Kathinka Zitz (née Halein; November 4, 1801 – March 8, 1877) was a German poet, short story writer, journalist, translator and novelist who has been called "the poet laureate of the German Revolution".

==Biography==
Kathinka Halein grew up in Mainz. Born to Anton Victor and Anna Marie Markowitzka Halein. The family was well off until the Napoleonic Wars. During the wars they were forced to live sparingly and moved in with Zitz-Halein's maternal grandmother's house. Her mother died on May 26, 1825, and her father grew increasingly erratic and violent.
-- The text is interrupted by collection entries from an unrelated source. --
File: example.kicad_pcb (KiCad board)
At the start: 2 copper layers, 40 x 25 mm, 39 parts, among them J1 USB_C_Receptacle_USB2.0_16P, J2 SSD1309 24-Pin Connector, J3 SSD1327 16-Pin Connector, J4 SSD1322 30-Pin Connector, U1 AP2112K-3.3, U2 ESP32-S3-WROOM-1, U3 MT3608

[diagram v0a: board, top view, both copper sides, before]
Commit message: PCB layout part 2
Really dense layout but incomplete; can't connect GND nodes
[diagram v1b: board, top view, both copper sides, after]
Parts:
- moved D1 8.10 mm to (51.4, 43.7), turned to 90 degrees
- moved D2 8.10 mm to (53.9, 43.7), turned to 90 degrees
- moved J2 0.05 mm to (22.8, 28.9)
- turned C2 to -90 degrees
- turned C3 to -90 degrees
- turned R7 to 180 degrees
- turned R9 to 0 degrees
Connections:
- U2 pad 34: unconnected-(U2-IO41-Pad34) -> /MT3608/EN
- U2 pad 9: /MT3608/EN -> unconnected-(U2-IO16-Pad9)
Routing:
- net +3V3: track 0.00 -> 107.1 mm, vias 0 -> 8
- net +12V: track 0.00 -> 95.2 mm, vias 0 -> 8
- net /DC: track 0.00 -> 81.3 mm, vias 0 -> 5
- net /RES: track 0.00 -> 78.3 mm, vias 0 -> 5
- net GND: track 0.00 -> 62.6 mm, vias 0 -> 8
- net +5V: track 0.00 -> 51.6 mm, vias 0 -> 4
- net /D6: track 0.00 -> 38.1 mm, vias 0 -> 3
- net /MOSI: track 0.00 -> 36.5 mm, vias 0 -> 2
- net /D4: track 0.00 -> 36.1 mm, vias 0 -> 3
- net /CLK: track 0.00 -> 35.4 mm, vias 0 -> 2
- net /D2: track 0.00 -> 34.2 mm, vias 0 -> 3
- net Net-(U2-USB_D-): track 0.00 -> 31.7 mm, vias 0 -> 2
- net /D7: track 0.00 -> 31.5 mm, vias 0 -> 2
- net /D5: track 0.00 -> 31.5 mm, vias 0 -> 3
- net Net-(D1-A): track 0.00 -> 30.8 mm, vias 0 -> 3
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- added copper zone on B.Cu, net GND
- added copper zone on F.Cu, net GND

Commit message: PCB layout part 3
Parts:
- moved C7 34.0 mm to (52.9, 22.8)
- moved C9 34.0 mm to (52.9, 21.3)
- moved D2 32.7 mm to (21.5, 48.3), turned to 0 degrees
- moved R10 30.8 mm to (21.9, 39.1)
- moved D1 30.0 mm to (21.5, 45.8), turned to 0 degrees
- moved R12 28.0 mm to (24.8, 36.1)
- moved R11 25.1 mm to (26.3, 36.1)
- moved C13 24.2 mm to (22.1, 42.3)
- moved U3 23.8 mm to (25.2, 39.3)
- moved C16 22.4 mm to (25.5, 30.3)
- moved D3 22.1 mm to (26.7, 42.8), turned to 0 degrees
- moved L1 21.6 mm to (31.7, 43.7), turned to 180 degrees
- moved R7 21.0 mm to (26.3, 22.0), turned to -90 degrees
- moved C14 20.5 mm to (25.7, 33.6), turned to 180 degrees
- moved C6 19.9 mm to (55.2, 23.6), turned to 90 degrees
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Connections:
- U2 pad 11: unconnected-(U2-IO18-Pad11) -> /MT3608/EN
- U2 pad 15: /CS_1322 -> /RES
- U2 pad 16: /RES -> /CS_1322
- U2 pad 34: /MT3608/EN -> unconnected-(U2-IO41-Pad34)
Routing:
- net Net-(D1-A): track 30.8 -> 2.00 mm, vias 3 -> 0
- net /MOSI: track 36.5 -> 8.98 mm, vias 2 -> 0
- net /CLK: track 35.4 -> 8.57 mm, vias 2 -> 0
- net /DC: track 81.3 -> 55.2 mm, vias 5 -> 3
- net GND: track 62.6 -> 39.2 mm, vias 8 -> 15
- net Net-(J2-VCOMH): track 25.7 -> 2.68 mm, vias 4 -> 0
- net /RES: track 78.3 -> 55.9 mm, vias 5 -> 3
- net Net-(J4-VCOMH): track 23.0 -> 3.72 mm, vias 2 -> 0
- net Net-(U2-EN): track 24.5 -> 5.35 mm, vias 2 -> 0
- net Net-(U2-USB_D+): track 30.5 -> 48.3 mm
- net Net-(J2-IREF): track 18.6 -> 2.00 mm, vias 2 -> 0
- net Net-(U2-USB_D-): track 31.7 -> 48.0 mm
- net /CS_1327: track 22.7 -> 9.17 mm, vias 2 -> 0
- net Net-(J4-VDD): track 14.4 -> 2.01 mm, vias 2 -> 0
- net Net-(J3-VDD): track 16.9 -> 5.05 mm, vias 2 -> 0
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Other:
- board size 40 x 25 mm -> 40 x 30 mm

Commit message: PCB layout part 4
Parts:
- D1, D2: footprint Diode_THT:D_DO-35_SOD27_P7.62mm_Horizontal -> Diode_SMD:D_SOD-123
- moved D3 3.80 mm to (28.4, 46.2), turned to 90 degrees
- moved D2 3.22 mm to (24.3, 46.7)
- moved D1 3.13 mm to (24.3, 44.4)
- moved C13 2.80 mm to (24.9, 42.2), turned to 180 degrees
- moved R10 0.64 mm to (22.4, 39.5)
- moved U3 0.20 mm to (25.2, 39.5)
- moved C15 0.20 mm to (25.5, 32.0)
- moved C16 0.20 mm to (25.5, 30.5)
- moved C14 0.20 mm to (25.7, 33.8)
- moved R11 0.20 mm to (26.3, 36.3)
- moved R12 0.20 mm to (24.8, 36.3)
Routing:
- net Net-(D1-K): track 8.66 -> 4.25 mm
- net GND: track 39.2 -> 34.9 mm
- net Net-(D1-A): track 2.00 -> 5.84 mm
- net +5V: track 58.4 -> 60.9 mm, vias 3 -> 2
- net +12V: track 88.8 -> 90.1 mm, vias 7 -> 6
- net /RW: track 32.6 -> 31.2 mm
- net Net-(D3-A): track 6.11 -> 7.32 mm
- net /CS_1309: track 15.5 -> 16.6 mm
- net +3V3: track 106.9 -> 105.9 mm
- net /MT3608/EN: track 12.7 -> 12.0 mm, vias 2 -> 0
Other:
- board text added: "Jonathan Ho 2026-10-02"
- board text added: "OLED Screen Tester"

In the early 1820s she was given power of attorney and ran the family's business. Zitz-Halein worked as a governess for three years but returned to Mainz to care for her young sister. She provided income for the family by selling embroidery and teaching French lessons. In the 1830s she translated three novels by Victor Hugo. On June 3, 1837, she married a distant relative, the prominent Mainz attorney and 1848 revolutionary Dr. Franz Heinrich Zitz. They lived together for two years. She wrote for the Mannheimer Abendzeitung, opposing censorship and calling for reform in marriage, divorce and guardianship laws. In the German revolutions of 1848–49 she founded and was first president of the Humania Association, the largest revolutionary women's organization. A prolific short story writer, in the 1860s she wrote fictionalized biographical novels of Goethe, Heine, Rahel Varnhagen and Byron.

== Published works ==
Kathinka Zitz-Halein's published works as cited by An Encyclopedia of Continental Women Writers.

Translations:
- Marion der Lorme, 1833.
- Triboulet, oder der Königs Hofnarr, 1835.
- Cromwell, 1835.

Novels:
- Goethe, 1863.
- Heine, 1864.
- Rahel Varnhagen, 1864.
- Byron, 1867.
- Für einen übertreibenden Deutschthümler, 1991.

Children's books:
- Die jungen Helden. Ein Buch für Knaben, Mainz, J.Scholz, 1840.